Print the data below exactly, but only the lines from the one containing "#10307 = CARTESIAN_POINT" down to the one containing "#14264 = VERTEX_POINT ( 'NONE', #14376 ) ;", inclusive.
* * *
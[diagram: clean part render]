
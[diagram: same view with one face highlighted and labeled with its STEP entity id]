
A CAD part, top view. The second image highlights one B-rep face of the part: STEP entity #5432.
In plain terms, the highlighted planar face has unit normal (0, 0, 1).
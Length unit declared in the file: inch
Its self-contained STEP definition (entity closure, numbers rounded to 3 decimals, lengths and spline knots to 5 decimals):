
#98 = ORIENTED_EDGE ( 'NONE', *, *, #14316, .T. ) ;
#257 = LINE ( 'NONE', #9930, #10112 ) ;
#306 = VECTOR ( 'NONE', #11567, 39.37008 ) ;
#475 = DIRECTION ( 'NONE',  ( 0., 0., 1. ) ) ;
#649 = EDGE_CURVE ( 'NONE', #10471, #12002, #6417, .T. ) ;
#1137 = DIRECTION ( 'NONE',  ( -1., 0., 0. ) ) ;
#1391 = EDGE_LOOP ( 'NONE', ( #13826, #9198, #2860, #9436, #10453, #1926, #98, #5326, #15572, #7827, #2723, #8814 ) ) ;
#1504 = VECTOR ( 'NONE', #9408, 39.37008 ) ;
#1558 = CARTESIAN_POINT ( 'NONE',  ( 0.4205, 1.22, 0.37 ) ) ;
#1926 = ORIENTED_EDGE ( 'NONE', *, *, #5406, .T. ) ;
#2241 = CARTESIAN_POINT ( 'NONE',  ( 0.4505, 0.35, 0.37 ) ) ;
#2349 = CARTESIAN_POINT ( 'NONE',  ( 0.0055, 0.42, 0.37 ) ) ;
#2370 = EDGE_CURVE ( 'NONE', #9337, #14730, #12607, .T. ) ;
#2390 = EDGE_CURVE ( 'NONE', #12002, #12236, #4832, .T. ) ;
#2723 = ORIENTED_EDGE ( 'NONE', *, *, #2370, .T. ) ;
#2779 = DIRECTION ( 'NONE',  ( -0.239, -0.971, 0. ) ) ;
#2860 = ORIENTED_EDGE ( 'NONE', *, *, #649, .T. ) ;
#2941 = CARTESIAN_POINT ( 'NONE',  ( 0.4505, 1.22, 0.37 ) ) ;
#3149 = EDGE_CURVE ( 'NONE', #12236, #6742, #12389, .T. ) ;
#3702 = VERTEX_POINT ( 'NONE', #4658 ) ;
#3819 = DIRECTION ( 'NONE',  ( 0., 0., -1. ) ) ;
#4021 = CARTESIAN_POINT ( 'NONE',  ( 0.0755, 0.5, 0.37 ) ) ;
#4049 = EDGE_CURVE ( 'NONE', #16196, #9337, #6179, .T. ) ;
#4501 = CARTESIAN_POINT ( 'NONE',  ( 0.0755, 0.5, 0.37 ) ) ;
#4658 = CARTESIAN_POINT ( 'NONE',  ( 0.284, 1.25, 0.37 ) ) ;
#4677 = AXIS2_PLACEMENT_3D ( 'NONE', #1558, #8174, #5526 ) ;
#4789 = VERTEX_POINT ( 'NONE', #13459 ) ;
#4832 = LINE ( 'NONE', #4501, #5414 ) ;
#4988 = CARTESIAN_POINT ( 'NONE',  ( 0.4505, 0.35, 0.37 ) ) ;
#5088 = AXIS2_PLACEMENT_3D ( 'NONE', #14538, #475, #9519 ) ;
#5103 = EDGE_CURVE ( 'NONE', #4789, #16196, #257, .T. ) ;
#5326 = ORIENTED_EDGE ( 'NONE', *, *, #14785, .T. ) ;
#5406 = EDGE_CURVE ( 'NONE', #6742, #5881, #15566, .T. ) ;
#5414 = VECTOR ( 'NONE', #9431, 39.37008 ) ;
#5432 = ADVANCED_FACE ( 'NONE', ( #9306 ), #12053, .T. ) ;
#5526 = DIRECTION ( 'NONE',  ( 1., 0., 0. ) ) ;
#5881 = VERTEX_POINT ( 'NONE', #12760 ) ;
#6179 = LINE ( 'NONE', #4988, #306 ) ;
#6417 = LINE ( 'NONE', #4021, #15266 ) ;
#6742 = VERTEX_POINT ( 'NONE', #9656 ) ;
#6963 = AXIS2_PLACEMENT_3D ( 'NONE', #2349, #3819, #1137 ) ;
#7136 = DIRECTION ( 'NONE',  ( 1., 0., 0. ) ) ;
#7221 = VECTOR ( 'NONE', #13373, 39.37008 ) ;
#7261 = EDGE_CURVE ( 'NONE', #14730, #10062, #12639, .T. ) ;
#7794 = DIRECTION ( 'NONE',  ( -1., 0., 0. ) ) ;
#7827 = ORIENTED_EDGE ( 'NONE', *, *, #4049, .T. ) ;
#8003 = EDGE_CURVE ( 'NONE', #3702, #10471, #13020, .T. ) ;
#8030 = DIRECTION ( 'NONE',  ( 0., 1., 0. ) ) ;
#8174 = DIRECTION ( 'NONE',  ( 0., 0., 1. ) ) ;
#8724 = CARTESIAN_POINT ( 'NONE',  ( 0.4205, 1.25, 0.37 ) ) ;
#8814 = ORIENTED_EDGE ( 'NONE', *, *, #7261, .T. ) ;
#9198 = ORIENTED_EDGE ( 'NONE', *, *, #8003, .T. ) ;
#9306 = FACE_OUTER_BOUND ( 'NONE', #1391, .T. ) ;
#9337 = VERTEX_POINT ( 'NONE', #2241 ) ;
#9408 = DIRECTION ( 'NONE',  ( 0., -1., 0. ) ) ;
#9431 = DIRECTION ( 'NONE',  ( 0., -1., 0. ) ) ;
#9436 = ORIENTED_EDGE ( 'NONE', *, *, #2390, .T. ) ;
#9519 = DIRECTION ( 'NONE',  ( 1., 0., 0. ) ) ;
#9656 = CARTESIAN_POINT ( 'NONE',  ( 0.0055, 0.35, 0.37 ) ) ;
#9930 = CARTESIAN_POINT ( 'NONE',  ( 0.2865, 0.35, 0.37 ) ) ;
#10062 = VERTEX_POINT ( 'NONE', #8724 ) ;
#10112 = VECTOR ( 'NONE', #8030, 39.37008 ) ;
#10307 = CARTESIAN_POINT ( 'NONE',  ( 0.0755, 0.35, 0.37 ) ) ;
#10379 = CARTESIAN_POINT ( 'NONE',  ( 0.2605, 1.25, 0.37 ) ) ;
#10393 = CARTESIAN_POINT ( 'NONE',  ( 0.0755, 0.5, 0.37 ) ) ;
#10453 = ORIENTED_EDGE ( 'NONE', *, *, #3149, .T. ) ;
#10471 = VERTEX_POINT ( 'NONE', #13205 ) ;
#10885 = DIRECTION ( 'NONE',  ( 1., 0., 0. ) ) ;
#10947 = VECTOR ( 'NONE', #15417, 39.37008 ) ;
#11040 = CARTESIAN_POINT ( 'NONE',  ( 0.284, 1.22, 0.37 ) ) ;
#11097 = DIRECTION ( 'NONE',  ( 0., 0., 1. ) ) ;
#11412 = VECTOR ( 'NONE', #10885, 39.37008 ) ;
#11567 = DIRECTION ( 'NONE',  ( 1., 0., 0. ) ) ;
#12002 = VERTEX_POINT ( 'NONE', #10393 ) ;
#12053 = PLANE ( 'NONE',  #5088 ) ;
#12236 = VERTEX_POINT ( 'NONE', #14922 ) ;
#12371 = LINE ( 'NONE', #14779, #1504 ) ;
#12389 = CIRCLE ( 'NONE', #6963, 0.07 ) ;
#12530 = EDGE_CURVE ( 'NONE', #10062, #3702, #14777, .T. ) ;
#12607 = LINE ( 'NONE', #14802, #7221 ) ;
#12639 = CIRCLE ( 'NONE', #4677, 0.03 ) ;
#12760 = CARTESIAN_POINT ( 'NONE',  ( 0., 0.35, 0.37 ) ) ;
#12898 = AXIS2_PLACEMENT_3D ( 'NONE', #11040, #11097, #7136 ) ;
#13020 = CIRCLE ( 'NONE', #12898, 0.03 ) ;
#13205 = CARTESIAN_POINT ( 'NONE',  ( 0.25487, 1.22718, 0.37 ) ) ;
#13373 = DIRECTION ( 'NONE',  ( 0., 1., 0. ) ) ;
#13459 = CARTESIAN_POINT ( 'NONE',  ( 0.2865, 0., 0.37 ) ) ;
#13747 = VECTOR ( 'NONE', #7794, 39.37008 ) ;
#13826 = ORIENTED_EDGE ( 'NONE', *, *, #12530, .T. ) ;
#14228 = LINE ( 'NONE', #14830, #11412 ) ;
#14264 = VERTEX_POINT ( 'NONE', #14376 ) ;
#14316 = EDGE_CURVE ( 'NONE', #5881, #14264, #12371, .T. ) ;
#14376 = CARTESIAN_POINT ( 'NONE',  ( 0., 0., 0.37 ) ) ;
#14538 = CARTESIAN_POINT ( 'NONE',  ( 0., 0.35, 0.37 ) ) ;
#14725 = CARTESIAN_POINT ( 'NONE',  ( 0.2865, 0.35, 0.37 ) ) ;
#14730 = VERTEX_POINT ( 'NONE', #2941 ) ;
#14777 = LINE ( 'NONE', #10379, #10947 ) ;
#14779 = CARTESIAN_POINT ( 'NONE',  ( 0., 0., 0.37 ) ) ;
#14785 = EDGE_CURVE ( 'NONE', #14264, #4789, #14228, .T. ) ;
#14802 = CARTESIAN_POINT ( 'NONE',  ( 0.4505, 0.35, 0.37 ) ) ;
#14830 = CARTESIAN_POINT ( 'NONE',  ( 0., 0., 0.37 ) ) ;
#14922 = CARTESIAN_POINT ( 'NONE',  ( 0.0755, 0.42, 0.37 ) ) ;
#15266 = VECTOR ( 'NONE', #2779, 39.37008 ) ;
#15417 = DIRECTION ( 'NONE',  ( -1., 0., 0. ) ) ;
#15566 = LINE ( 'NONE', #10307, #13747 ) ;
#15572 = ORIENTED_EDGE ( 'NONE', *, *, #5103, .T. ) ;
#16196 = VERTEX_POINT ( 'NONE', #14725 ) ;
* * *
**EXPECTED ANSWER**:
#10307 = CARTESIAN_POINT ( 'NONE',  ( 0.0755, 0.35, 0.37 ) ) ;
#10379 = CARTESIAN_POINT ( 'NONE',  ( 0.2605, 1.25, 0.37 ) ) ;
#10393 = CARTESIAN_POINT ( 'NONE',  ( 0.0755, 0.5, 0.37 ) ) ;
#10453 = ORIENTED_EDGE ( 'NONE', *, *, #3149, .T. ) ;
#10471 = VERTEX_POINT ( 'NONE', #13205 ) ;
#10885 = DIRECTION ( 'NONE',  ( 1., 0., 0. ) ) ;
#10947 = VECTOR ( 'NONE', #15417, 39.37008 ) ;
#11040 = CARTESIAN_POINT ( 'NONE',  ( 0.284, 1.22, 0.37 ) ) ;
#11097 = DIRECTION ( 'NONE',  ( 0., 0., 1. ) ) ;
#11412 = VECTOR ( 'NONE', #10885, 39.37008 ) ;
#11567 = DIRECTION ( 'NONE',  ( 1., 0., 0. ) ) ;
#12002 = VERTEX_POINT ( 'NONE', #10393 ) ;
#12053 = PLANE ( 'NONE',  #5088 ) ;
#12236 = VERTEX_POINT ( 'NONE', #14922 ) ;
#12371 = LINE ( 'NONE', #14779, #1504 ) ;
#12389 = CIRCLE ( 'NONE', #6963, 0.07 ) ;
#12530 = EDGE_CURVE ( 'NONE', #10062, #3702, #14777, .T. ) ;
#12607 = LINE ( 'NONE', #14802, #7221 ) ;
#12639 = CIRCLE ( 'NONE', #4677, 0.03 ) ;
#12760 = CARTESIAN_POINT ( 'NONE',  ( 0., 0.35, 0.37 ) ) ;
#12898 = AXIS2_PLACEMENT_3D ( 'NONE', #11040, #11097, #7136 ) ;
#13020 = CIRCLE ( 'NONE', #12898, 0.03 ) ;
#13205 = CARTESIAN_POINT ( 'NONE',  ( 0.25487, 1.22718, 0.37 ) ) ;
#13373 = DIRECTION ( 'NONE',  ( 0., 1., 0. ) ) ;
#13459 = CARTESIAN_POINT ( 'NONE',  ( 0.2865, 0., 0.37 ) ) ;
#13747 = VECTOR ( 'NONE', #7794, 39.37008 ) ;
#13826 = ORIENTED_EDGE ( 'NONE', *, *, #12530, .T. ) ;
#14228 = LINE ( 'NONE', #14830, #11412 ) ;
#14264 = VERTEX_POINT ( 'NONE', #14376 ) ;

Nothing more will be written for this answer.